Extracted data entries:
+ + + + +

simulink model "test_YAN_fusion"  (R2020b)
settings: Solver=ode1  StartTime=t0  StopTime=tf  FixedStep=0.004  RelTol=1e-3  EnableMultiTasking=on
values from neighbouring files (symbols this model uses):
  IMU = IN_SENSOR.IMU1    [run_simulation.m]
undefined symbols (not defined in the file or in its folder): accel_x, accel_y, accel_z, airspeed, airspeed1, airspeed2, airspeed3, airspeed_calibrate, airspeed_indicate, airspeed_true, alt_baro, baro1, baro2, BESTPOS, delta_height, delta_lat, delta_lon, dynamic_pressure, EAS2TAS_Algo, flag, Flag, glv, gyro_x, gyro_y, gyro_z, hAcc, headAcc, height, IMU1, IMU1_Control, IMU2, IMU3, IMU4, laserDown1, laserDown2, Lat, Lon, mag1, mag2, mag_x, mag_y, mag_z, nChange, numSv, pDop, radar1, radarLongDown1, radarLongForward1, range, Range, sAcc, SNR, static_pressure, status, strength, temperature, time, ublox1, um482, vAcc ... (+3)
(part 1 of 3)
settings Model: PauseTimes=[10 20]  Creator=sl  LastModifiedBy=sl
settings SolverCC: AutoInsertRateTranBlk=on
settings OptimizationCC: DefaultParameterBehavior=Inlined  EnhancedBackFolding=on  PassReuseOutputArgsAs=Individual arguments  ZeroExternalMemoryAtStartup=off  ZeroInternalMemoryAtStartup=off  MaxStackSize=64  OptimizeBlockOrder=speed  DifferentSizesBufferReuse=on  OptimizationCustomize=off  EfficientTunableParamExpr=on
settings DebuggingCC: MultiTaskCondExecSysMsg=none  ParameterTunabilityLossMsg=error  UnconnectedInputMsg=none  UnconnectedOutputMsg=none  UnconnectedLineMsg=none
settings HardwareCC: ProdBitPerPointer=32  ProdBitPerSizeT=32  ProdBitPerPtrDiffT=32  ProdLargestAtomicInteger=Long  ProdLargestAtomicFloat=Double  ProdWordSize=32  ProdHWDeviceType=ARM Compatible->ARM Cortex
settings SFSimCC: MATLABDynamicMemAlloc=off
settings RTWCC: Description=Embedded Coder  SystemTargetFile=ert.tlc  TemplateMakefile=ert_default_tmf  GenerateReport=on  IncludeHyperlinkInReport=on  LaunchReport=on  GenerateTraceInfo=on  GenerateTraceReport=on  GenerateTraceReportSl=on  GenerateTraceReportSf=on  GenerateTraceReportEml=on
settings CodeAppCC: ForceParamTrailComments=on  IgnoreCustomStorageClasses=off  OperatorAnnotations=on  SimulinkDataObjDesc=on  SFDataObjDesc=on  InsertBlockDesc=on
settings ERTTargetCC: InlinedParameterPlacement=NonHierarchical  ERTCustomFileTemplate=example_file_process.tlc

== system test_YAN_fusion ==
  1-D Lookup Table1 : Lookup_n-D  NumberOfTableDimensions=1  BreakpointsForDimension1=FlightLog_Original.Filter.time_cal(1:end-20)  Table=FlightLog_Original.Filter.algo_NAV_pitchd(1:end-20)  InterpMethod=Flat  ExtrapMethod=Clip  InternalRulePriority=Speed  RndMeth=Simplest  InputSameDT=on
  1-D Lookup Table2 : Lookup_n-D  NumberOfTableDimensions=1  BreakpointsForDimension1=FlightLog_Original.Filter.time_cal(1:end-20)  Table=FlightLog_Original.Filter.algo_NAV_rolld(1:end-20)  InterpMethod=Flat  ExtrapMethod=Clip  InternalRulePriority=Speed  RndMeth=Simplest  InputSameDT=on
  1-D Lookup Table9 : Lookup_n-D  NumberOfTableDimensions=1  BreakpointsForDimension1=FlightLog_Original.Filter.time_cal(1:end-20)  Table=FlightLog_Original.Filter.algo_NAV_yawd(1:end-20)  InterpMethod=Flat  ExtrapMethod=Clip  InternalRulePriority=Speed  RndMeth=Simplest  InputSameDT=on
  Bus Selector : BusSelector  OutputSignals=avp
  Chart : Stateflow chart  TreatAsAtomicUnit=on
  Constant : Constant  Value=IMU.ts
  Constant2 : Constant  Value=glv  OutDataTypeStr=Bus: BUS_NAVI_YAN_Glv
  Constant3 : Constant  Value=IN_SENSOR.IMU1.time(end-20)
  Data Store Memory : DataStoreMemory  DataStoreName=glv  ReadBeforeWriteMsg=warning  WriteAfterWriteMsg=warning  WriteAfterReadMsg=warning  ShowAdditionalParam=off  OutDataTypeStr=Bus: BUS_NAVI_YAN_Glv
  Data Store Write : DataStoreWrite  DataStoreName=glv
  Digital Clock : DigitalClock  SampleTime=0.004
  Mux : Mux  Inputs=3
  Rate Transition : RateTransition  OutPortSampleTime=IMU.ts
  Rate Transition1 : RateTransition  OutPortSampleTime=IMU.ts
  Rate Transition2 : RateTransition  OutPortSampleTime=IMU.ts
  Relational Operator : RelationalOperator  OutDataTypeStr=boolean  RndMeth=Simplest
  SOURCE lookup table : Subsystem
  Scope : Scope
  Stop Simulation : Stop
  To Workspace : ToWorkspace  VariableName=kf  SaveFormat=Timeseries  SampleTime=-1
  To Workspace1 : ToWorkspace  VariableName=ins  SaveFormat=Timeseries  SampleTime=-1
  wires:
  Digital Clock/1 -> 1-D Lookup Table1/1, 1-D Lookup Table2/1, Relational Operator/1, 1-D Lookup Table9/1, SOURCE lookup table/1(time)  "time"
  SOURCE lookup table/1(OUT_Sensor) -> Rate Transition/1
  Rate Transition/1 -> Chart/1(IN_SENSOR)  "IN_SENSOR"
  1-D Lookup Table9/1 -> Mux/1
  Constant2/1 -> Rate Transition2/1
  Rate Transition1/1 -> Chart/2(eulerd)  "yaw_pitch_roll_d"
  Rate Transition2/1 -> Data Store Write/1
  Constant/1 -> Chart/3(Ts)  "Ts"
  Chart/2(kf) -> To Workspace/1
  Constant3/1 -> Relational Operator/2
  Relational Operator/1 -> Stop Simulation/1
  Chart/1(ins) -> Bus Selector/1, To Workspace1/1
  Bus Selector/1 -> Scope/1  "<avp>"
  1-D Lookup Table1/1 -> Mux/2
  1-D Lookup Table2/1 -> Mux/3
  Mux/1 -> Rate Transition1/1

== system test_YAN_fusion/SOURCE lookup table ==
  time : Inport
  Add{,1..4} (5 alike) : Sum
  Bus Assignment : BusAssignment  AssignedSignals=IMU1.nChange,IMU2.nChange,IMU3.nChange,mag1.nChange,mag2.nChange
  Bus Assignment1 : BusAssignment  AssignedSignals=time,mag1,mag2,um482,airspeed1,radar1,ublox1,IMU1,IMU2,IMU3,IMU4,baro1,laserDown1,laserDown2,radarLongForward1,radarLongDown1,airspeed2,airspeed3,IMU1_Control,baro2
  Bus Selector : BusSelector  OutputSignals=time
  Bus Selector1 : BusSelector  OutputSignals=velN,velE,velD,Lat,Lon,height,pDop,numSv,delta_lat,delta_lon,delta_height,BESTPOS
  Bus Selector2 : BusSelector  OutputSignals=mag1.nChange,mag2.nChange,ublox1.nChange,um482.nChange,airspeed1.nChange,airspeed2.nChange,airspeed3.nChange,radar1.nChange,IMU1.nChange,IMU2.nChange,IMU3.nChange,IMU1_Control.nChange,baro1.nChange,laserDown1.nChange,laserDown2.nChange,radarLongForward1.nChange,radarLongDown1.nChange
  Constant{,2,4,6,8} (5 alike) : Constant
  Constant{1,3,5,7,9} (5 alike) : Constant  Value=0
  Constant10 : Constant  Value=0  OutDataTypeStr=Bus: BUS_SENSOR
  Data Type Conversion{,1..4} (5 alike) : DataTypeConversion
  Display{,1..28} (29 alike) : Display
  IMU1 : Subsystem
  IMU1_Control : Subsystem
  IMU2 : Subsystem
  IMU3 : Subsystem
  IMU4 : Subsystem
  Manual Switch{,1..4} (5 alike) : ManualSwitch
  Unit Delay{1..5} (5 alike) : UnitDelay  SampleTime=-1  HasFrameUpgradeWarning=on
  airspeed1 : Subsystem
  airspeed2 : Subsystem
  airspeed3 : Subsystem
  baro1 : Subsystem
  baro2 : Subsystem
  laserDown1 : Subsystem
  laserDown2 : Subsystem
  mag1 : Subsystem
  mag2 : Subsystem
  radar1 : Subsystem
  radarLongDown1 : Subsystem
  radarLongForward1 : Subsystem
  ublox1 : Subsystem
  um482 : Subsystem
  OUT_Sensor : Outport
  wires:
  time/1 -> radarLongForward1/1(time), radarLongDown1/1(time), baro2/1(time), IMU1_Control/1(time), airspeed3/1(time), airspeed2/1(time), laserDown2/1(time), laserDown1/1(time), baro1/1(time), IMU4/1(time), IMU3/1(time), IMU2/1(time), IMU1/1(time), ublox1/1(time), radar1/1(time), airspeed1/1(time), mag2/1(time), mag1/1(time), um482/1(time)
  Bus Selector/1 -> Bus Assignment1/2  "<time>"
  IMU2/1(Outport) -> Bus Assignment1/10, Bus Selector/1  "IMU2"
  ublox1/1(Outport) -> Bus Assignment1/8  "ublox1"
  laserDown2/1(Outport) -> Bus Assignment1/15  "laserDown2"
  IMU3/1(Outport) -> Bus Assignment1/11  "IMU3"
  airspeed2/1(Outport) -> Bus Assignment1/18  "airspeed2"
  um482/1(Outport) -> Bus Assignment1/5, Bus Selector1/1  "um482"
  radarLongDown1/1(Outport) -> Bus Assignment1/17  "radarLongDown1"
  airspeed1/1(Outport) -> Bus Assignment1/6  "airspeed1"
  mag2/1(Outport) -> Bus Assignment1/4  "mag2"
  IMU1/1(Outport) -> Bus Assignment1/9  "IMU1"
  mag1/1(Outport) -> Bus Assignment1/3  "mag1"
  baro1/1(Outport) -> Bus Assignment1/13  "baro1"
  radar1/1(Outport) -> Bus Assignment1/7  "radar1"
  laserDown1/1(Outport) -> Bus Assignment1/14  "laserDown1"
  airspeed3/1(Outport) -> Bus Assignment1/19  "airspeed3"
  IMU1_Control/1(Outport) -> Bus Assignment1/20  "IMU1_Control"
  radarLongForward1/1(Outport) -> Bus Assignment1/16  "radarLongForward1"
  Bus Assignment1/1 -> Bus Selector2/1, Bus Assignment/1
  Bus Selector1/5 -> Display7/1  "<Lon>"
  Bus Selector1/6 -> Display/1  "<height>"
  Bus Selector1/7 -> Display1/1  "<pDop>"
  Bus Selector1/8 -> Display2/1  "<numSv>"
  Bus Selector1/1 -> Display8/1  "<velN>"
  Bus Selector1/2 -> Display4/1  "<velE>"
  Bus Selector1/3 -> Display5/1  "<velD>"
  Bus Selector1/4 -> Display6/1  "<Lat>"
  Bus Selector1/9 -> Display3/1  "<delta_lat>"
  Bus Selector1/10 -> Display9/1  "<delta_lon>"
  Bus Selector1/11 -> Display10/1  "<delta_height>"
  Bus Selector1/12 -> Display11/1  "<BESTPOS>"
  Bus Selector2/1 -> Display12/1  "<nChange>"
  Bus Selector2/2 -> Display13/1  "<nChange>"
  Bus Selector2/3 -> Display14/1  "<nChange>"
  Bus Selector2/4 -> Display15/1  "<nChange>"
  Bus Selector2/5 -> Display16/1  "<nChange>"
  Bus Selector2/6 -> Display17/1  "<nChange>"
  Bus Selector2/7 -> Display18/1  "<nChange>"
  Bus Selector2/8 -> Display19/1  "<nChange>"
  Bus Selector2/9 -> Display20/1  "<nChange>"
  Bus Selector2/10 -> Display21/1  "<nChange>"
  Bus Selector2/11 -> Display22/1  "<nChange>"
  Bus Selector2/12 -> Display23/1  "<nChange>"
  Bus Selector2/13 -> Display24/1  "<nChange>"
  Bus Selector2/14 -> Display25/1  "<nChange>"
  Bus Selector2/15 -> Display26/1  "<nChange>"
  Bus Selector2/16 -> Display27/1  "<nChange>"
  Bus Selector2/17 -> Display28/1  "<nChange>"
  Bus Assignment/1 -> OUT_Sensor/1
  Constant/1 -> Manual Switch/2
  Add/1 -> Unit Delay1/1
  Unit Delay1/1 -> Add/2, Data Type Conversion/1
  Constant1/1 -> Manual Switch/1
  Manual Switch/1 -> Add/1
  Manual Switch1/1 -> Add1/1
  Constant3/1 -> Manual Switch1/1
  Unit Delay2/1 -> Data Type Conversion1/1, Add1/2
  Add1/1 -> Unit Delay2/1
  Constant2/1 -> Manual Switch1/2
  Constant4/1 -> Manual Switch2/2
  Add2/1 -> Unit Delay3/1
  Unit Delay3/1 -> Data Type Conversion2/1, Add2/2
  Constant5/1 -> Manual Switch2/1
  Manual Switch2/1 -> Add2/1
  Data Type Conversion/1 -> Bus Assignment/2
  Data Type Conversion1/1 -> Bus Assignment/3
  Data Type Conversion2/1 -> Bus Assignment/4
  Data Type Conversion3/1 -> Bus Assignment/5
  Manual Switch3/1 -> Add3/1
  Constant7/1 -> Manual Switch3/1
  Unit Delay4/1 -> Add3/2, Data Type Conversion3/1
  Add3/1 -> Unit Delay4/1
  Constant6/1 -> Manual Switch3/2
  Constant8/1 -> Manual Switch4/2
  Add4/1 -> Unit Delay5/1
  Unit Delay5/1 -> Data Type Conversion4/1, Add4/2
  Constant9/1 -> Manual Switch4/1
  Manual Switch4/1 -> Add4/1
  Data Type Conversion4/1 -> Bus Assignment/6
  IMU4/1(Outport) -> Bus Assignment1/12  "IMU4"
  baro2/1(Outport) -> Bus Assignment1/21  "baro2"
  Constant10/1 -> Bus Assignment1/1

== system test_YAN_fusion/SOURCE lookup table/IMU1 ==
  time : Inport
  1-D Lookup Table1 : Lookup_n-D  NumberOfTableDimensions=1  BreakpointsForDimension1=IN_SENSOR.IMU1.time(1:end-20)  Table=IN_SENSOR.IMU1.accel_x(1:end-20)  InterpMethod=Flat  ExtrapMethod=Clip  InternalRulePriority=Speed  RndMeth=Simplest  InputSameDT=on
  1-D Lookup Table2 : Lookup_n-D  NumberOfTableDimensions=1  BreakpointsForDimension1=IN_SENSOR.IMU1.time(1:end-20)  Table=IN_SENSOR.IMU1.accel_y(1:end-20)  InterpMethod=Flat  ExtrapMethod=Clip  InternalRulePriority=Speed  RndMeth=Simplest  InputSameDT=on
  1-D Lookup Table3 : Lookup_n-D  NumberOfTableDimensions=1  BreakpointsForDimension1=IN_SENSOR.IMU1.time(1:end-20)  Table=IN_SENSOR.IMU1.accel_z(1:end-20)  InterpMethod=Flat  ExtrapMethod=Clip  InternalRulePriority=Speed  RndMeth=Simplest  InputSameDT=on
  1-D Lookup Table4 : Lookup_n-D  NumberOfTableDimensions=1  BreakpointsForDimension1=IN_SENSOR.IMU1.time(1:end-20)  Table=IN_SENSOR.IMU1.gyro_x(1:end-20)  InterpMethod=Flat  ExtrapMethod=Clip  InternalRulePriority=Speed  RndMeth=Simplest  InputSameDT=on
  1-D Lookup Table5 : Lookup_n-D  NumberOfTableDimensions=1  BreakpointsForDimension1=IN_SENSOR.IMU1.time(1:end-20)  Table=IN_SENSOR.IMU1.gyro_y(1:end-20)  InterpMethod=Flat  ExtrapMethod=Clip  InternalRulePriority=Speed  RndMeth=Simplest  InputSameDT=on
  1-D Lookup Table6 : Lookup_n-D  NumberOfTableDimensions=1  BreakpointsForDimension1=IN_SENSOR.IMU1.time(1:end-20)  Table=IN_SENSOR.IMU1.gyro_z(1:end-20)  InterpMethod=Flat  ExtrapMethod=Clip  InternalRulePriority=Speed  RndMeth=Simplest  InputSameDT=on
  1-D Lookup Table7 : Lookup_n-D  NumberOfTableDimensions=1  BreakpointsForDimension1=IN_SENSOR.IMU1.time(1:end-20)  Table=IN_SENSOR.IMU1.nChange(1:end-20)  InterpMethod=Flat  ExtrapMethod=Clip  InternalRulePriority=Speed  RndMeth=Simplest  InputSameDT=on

+ + + + +

**INSTRUCTIONS FOR THE TASK:**
Copy each line of the preceding data that contains the string "OutputSignals".

**RESULT OF THIS TASK:**
  Bus Selector : BusSelector  OutputSignals=avp
  Bus Selector : BusSelector  OutputSignals=time
  Bus Selector1 : BusSelector  OutputSignals=velN,velE,velD,Lat,Lon,height,pDop,numSv,delta_lat,delta_lon,delta_height,BESTPOS
  Bus Selector2 : BusSelector  OutputSignals=mag1.nChange,mag2.nChange,ublox1.nChange,um482.nChange,airspeed1.nChange,airspeed2.nChange,airspeed3.nChange,radar1.nChange,IMU1.nChange,IMU2.nChange,IMU3.nChange,IMU1_Control.nChange,baro1.nChange,laserDown1.nChange,laserDown2.nChange,radarLongForward1.nChange,radarLongDown1.nChange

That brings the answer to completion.